For the September 2001 study, the highest C2-C4 alkane mixing ratios were found in western Texas.... Other local maxima were found in central Oklahoma and southwestern Kansas.... The goals of the second study of the southwestern U.S. (April–May 2002) were to determine the concentrations of light alkanes in a different season, the full extent of the area over which they are enhanced, and the source of the enhancements.... The spring 2002 data again showed alkane hotspots in Texas, Oklahoma, and Kansas. By comparison, much lower concentrations of the light alkanes were observed to the west in New Mexico.... The methane concentrations show a pattern of enhancement.

By comparison to the calculated 4–6 Tg of CH4 released annually from the study area, global natural gas drilling has been estimated to release 45 Tg of CH4 per year, of which the U.S. natural gas industry alone has been credited with 6 ± 2 Tg of CH4 per year. These results show that the southwestern states account for a significant portion of U.S. CH4 release from natural gas sources. Because only 37% of the U.S. natural gas industry is located in Texas, Oklahoma, and Kansas, with another 25% offshore in the Gulf of Mexico, our results suggest that the actual CH4 emissions from the fossil fuel industries may be larger than currently estimated. Using similar conditions to the CH4 calculations, an emission rate of 0.3–0.5 Tg per year is calculated for ethane. By comparison, global natural gas emissions are believed to release 6 Tg of ethane yr–1 out of a global ethane budget of 13–15.5 Tg per year.
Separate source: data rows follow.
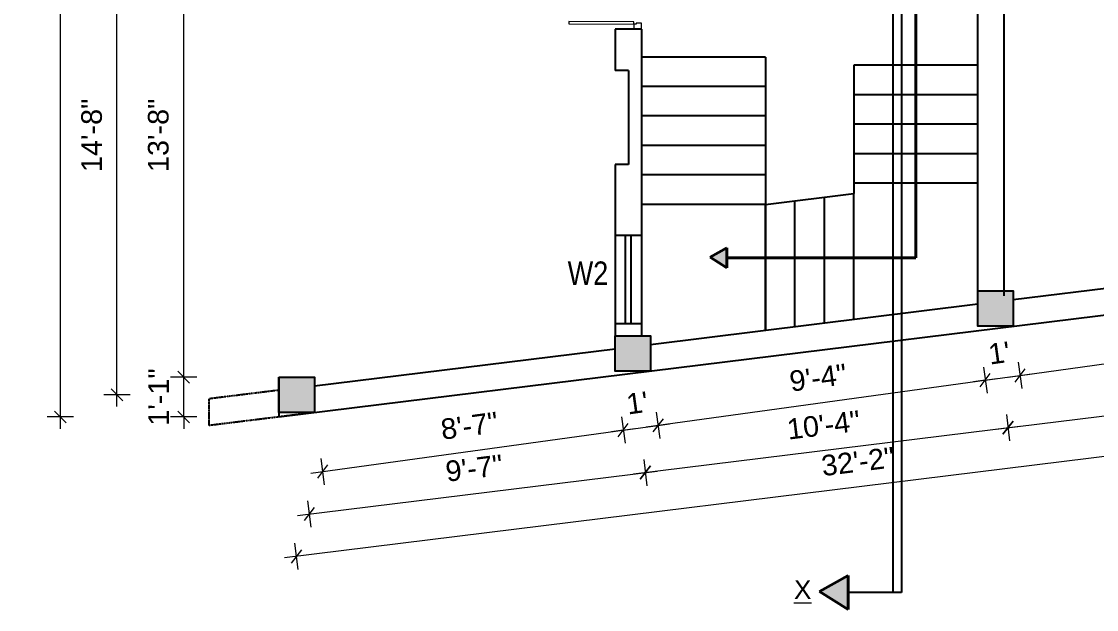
# Model space of a CAD drawing. Header units: inches. Extents: x -111 to 45239, y -6849 to 1261.
# Drawn here: x 23019.2 to 23383.8, y -833.9 to -634.3 of the extents above; entities that cross this region are included whole.
import ezdxf

# ---------------------------------------------------------------- set-up
doc = ezdxf.new("R2010")
doc.units = ezdxf.units.IN
doc.header["$LTSCALE"] = 0.5
doc.header["$MEASUREMENT"] = 0
doc.header["$PDMODE"] = 66
doc.linetypes.add('DASH', pattern=[0.35, 0.25, -0.1])
for name, color, linetype, lineweight in [('A_Title Text', 105, 'Continuous', 60), ('door', 202, 'Continuous', 5), ('DW TEXT', 92, 'Continuous', 15), ('TEXT', 220, 'Continuous', 9), ('Toilet', 7, 'Continuous', 25), ('wall', 20, 'Continuous', 40)]:
    doc.layers.add(name, color=color, linetype=linetype, lineweight=lineweight)
doc.styles.add('arial', font='arial.ttf')
doc.styles.add('ordinary', font='ARIALN.TTF')
doc.styles.get("Standard").update_dxf_attribs({"font": 'arial.ttf'})
doc.dimstyles.new('Sudeep', dxfattribs={"dimtxt": 6, "dimasz": 4, "dimexe": 4.5, "dimexo": 4.5, "dimgap": 5, "dimtad": 1, "dimdec": 0, "dimlunit": 4, "dimtxsty": 'arial', "dimblk": 'OBLIQUE', "dimcen": 250, "dimdle": 4, "dimclrd": 86, "dimclre": 5, "dimclrt": 1, "dimadec": 0, "dimazin": 0, "dimtfac": 1, "dimtdec": 0, "dimtix": 1, "dimtmove": 1, "dimatfit": 3, "dimldrblk": 'OBLIQUE', "dimfxl": 4.5, "dimfxlon": 1, "dimfrac": 2, "dimlwd": 15, "dimlwe": 13, "dimarcsym": 0})

# ---------------------------------------------------------------- blocks, each defined once
blk = doc.blocks.new('_Oblique')
at = {"color": 0, "linetype": 'ByBlock', "lineweight": -2}
blk.add_line((-0.5, -0.5), (0.5, 0.5), dxfattribs=at)
blk = doc.blocks.new('*D940')
at = {"layer": 'A_Title Text', "color": 5, "lineweight": 13, "transparency": 16777216}
for p, q in [((23222.66, -768.55), (23223.89, -777.46)), ((23120.66, -782.63), (23121.89, -791.55))]:
    blk.add_line(p, q, dxfattribs=at)
at = {"layer": 'A_Title Text', "color": 86, "lineweight": 15, "transparency": 16777216}
blk.add_line((23117.31, -787.64), (23227.24, -772.46), dxfattribs=at)
at = {"layer": 'Defpoints', "color": 0, "transparency": 16777216}
for p in [(23220.51, -752.96), (23118.51, -767.04), (23223.28, -773)]:
    blk.add_point(p, dxfattribs=at)
at = {"layer": 'A_Title Text', "color": 86, "lineweight": 15, "transparency": 16777216, "xscale": 4, "yscale": 4, "zscale": 4}
for p, rotation in [((23223.28, -773), 7.861618189170187), ((23121.28, -787.09), 187.8616181891702)]:
    blk.add_blockref('_Oblique', p, dxfattribs=dict(at, rotation=rotation))
at = {"layer": 'A_Title Text', "color": 1, "transparency": 16777216, "insert": (23171.1, -771.55), "char_height": 7, "attachment_point": 5, "rotation": 7.8616, "style": 'arial'}
blk.add_mtext('8\'-7"', dxfattribs=at)
blk = doc.blocks.new('*D941')
at = {"layer": 'A_Title Text', "color": 5, "lineweight": 13, "transparency": 16777216}
for p, q in [((23222.66, -768.55), (23223.89, -777.46)), ((23234.44, -766.92), (23235.67, -775.84))]:
    blk.add_line(p, q, dxfattribs=at)
at = {"layer": 'A_Title Text', "color": 86, "lineweight": 15, "transparency": 16777216}
for p, q in [((23223.28, -773), (23235.05, -771.38)), ((23235.05, -771.38), (23239.01, -770.83)), ((23223.28, -773), (23219.31, -773.55))]:
    blk.add_line(p, q, dxfattribs=at)
at = {"layer": 'Defpoints', "color": 0, "transparency": 16777216}
for p in [(23220.51, -752.96), (23232.51, -752.96), (23235.05, -771.38)]:
    blk.add_point(p, dxfattribs=at)
at = {"layer": 'A_Title Text', "color": 86, "lineweight": 15, "transparency": 16777216, "xscale": 4, "yscale": 4, "zscale": 4}
for p, rotation in [((23235.05, -771.38), 187.8616181891926), ((23223.28, -773), 7.861618189192577)]:
    blk.add_blockref('_Oblique', p, dxfattribs=dict(at, rotation=rotation))
at = {"layer": 'A_Title Text', "color": 1, "transparency": 16777216, "insert": (23228, -763.76), "char_height": 7, "attachment_point": 5, "rotation": 7.8616, "style": 'arial'}
blk.add_mtext("1'", dxfattribs=at)
blk = doc.blocks.new('*D942')
at = {"layer": 'A_Title Text', "color": 5, "lineweight": 13, "transparency": 16777216}
for p, q in [((23345.42, -751.6), (23346.65, -760.51)), ((23234.44, -766.92), (23235.67, -775.84))]:
    blk.add_line(p, q, dxfattribs=at)
at = {"layer": 'A_Title Text', "color": 86, "lineweight": 15, "transparency": 16777216}
blk.add_line((23231.09, -771.93), (23350, -755.51), dxfattribs=at)
at = {"layer": 'Defpoints', "color": 0, "transparency": 16777216}
for p in [(23343.51, -737.76), (23232.51, -752.96), (23346.03, -756.05)]:
    blk.add_point(p, dxfattribs=at)
at = {"layer": 'A_Title Text', "color": 86, "lineweight": 15, "transparency": 16777216, "xscale": 4, "yscale": 4, "zscale": 4}
for p, rotation in [((23346.03, -756.05), 7.861618189192578), ((23235.05, -771.38), 187.8616181891926)]:
    blk.add_blockref('_Oblique', p, dxfattribs=dict(at, rotation=rotation))
at = {"layer": 'A_Title Text', "color": 1, "transparency": 16777216, "insert": (23289.37, -755.22), "char_height": 7, "attachment_point": 5, "rotation": 7.8616, "style": 'arial'}
blk.add_mtext('9\'-4"', dxfattribs=at)
blk = doc.blocks.new('*D943')
at = {"layer": 'A_Title Text', "color": 5, "lineweight": 13, "transparency": 16777216}
for p, q in [((23357.19, -749.97), (23358.42, -758.89)), ((23345.42, -751.6), (23346.65, -760.51))]:
    blk.add_line(p, q, dxfattribs=at)
at = {"layer": 'A_Title Text', "color": 86, "lineweight": 15, "transparency": 16777216}
for p, q in [((23346.03, -756.05), (23357.81, -754.43)), ((23357.81, -754.43), (23361.77, -753.88)), ((23346.03, -756.05), (23342.07, -756.6))]:
    blk.add_line(p, q, dxfattribs=at)
at = {"layer": 'Defpoints', "color": 0, "transparency": 16777216}
for p in [(23343.51, -737.76), (23355.51, -737.76), (23357.81, -754.43)]:
    blk.add_point(p, dxfattribs=at)
at = {"layer": 'A_Title Text', "color": 86, "lineweight": 15, "transparency": 16777216, "xscale": 4, "yscale": 4, "zscale": 4}
for p, rotation in [((23346.03, -756.05), 7.861618189192577), ((23357.81, -754.43), 187.8616181891926)]:
    blk.add_blockref('_Oblique', p, dxfattribs=dict(at, rotation=rotation))
at = {"layer": 'A_Title Text', "color": 1, "transparency": 16777216, "insert": (23350.76, -746.81), "char_height": 7, "attachment_point": 5, "rotation": 7.8616, "style": 'arial'}
blk.add_mtext("1'", dxfattribs=at)
blk = doc.blocks.new('*D944')
at = {"layer": 'A_Title Text', "color": 5, "lineweight": 13, "transparency": 16777216}
for p, q in [((23452.37, -736.83), (23453.6, -745.74)), ((23357.19, -749.97), (23358.42, -758.89))]:
    blk.add_line(p, q, dxfattribs=at)
at = {"layer": 'A_Title Text', "color": 86, "lineweight": 15, "transparency": 16777216}
blk.add_line((23353.85, -754.98), (23456.95, -740.74), dxfattribs=at)
at = {"layer": 'Defpoints', "color": 0, "transparency": 16777216}
for p in [(23449.64, -717.06), (23355.51, -737.76), (23452.98, -741.29)]:
    blk.add_point(p, dxfattribs=at)
at = {"layer": 'A_Title Text', "color": 86, "lineweight": 15, "transparency": 16777216, "xscale": 4, "yscale": 4, "zscale": 4}
for p, rotation in [((23452.98, -741.29), 7.861618189192578), ((23357.81, -754.43), 187.8616181891926)]:
    blk.add_blockref('_Oblique', p, dxfattribs=dict(at, rotation=rotation))
at = {"layer": 'A_Title Text', "color": 1, "transparency": 16777216, "insert": (23404.22, -739.36), "char_height": 7, "attachment_point": 5, "rotation": 7.8616, "style": 'arial'}
blk.add_mtext("8'", dxfattribs=at)
blk = doc.blocks.new('*D947')
at = {"layer": 'A_Title Text', "color": 5, "lineweight": 13, "transparency": 16777216}
for p, q in [((23230.21, -782.93), (23231.31, -791.86)), ((23116.21, -797.01), (23117.31, -805.94))]:
    blk.add_line(p, q, dxfattribs=at)
at = {"layer": 'A_Title Text', "color": 86, "lineweight": 15, "transparency": 16777216}
blk.add_line((23112.79, -801.97), (23234.73, -786.9), dxfattribs=at)
at = {"layer": 'Defpoints', "color": 0, "transparency": 16777216}
for p in [(23226.51, -752.96), (23112.51, -767.04), (23230.76, -787.39)]:
    blk.add_point(p, dxfattribs=at)
at = {"layer": 'A_Title Text', "color": 86, "lineweight": 15, "transparency": 16777216, "xscale": 4, "yscale": 4, "zscale": 4}
for p, rotation in [((23230.76, -787.39), 7.042870252564979), ((23116.76, -801.48), 187.042870252565)]:
    blk.add_blockref('_Oblique', p, dxfattribs=dict(at, rotation=rotation))
at = {"layer": 'A_Title Text', "color": 1, "transparency": 16777216, "insert": (23172.71, -785.93), "char_height": 7, "attachment_point": 5, "rotation": 7.0429, "style": 'arial'}
blk.add_mtext('9\'-7"', dxfattribs=at)
blk = doc.blocks.new('*D948')
at = {"layer": 'A_Title Text', "color": 5, "lineweight": 13, "transparency": 16777216}
for p, q in [((23353.21, -767.73), (23354.31, -776.66)), ((23230.21, -782.93), (23231.31, -791.86))]:
    blk.add_line(p, q, dxfattribs=at)
at = {"layer": 'A_Title Text', "color": 86, "lineweight": 15, "transparency": 16777216}
blk.add_line((23226.79, -787.88), (23357.73, -771.71), dxfattribs=at)
at = {"layer": 'Defpoints', "color": 0, "transparency": 16777216}
for p in [(23349.51, -737.76), (23226.51, -752.96), (23353.76, -772.2)]:
    blk.add_point(p, dxfattribs=at)
at = {"layer": 'A_Title Text', "color": 86, "lineweight": 15, "transparency": 16777216, "xscale": 4, "yscale": 4, "zscale": 4}
for p, rotation in [((23353.76, -772.2), 7.042870252560744), ((23230.76, -787.39), 187.0428702525607)]:
    blk.add_blockref('_Oblique', p, dxfattribs=dict(at, rotation=rotation))
at = {"layer": 'A_Title Text', "color": 1, "transparency": 16777216, "insert": (23291.21, -771.29), "char_height": 7, "attachment_point": 5, "rotation": 7.0429, "style": 'arial'}
blk.add_mtext('10\'-4"', dxfattribs=at)
blk = doc.blocks.new('*D949')
at = {"layer": 'A_Title Text', "color": 5, "lineweight": 13, "transparency": 16777216}
for p, q in [((23487.36, -751.16), (23488.46, -760.09)), ((23353.21, -767.73), (23354.31, -776.66))]:
    blk.add_line(p, q, dxfattribs=at)
at = {"layer": 'A_Title Text', "color": 86, "lineweight": 15, "transparency": 16777216}
blk.add_line((23349.79, -772.69), (23491.88, -755.13), dxfattribs=at)
at = {"layer": 'Defpoints', "color": 0, "transparency": 16777216}
for p in [(23483.65, -721.15), (23349.51, -737.76), (23487.91, -755.62)]:
    blk.add_point(p, dxfattribs=at)
at = {"layer": 'A_Title Text', "color": 86, "lineweight": 15, "transparency": 16777216, "xscale": 4, "yscale": 4, "zscale": 4}
for p, rotation in [((23487.91, -755.62), 7.042870252560744), ((23353.76, -772.2), 187.0428702525607)]:
    blk.add_blockref('_Oblique', p, dxfattribs=dict(at, rotation=rotation))
at = {"layer": 'A_Title Text', "color": 1, "transparency": 16777216, "insert": (23419.78, -755.4), "char_height": 7, "attachment_point": 5, "rotation": 7.0429, "style": 'arial'}
blk.add_mtext('11\'-3"', dxfattribs=at)
blk = doc.blocks.new('*D923')
at = {"layer": 'A_Title Text', "color": 5, "lineweight": 13, "transparency": 16777216}
for p, q in [((23494.95, -764.05), (23496.06, -772.98)), ((23111.81, -811.42), (23112.92, -820.35))]:
    blk.add_line(p, q, dxfattribs=at)
at = {"layer": 'A_Title Text', "color": 86, "lineweight": 15, "transparency": 16777216}
blk.add_line((23499.48, -768.02), (23108.39, -816.38), dxfattribs=at)
at = {"layer": 'Defpoints', "color": 0, "transparency": 16777216}
for p in [(23489.65, -721.15), (23106.51, -768.52), (23112.36, -815.89)]:
    blk.add_point(p, dxfattribs=at)
at = {"layer": 'A_Title Text', "color": 86, "lineweight": 15, "transparency": 16777216, "xscale": 4, "yscale": 4, "zscale": 4}
for p, rotation in [((23495.51, -768.51), 7.048394260283271), ((23112.36, -815.89), 187.0483942602833)]:
    blk.add_blockref('_Oblique', p, dxfattribs=dict(at, rotation=rotation))
at = {"layer": 'A_Title Text', "color": 1, "transparency": 16777216, "insert": (23302.88, -783.69), "char_height": 7, "attachment_point": 5, "rotation": 7.0484, "style": 'arial'}
blk.add_mtext('32\'-2"', dxfattribs=at)
blk = doc.blocks.new('*D950')
at = {"layer": 'A_Title Text', "color": 86, "lineweight": 15, "transparency": 16777216}
for p, q in [((23074.19, -755.04), (23074.19, -751.04)), ((23074.19, -768.52), (23074.19, -755.04)), ((23074.19, -768.52), (23074.19, -772.52))]:
    blk.add_line(p, q, dxfattribs=at)
at = {"layer": 'A_Title Text', "color": 5, "lineweight": 13, "transparency": 16777216}
for p, q in [((23078.69, -755.04), (23069.69, -755.04)), ((23078.69, -768.52), (23069.69, -768.52))]:
    blk.add_line(p, q, dxfattribs=at)
at = {"layer": 'Defpoints', "color": 0, "transparency": 16777216}
for p in [(23074.19, -755.04), (23106.51, -755.04), (23106.51, -768.52)]:
    blk.add_point(p, dxfattribs=at)
at = {"layer": 'A_Title Text', "color": 86, "lineweight": 15, "transparency": 16777216, "xscale": 4, "yscale": 4, "zscale": 4}
for p, rotation in [((23074.19, -755.04), 270), ((23074.19, -768.52), 90)]:
    blk.add_blockref('_Oblique', p, dxfattribs=dict(at, rotation=rotation))
at = {"layer": 'A_Title Text', "color": 1, "transparency": 16777216, "insert": (23065.67, -761.78), "char_height": 7, "attachment_point": 5, "rotation": 90, "style": 'arial'}
blk.add_mtext('1\'-1"', dxfattribs=at)
blk = doc.blocks.new('*D951')
at = {"layer": 'A_Title Text', "color": 86, "lineweight": 15, "transparency": 16777216}
blk.add_line((23074.19, -759.04), (23074.19, -586.88), dxfattribs=at)
at = {"layer": 'A_Title Text', "color": 5, "lineweight": 13, "transparency": 16777216}
for p, q in [((23078.69, -590.88), (23069.69, -590.88)), ((23078.69, -755.04), (23069.69, -755.04))]:
    blk.add_line(p, q, dxfattribs=at)
at = {"layer": 'Defpoints', "color": 0, "transparency": 16777216}
for p in [(23074.19, -590.88), (23106.51, -590.88), (23106.51, -755.04)]:
    blk.add_point(p, dxfattribs=at)
at = {"layer": 'A_Title Text', "color": 86, "lineweight": 15, "transparency": 16777216, "xscale": 4, "yscale": 4, "zscale": 4}
for p, rotation in [((23074.19, -590.88), 90), ((23074.19, -755.04), 270)]:
    blk.add_blockref('_Oblique', p, dxfattribs=dict(at, rotation=rotation))
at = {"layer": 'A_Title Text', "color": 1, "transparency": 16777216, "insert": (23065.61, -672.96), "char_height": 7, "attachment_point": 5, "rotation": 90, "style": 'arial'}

In this study, the elevated light alkane levels were measured within a region that encompasses the Anadarko Basin, which contains one of the largest natural gas and oil reserves in the continental U.S. Whereas individual sources of alkane emissions from this region (e.g., natural gas and/or oil production, natural gas storage, and perhaps natural gas seepage from the ground) are poorly quantified, sampling this region in a grid configuration was very effective in identifying locations with elevated alkane mixing ratios. Similar studies of natural gas and oil regions in other countries would help to constrain global emission estimates for methane and other light alkanes.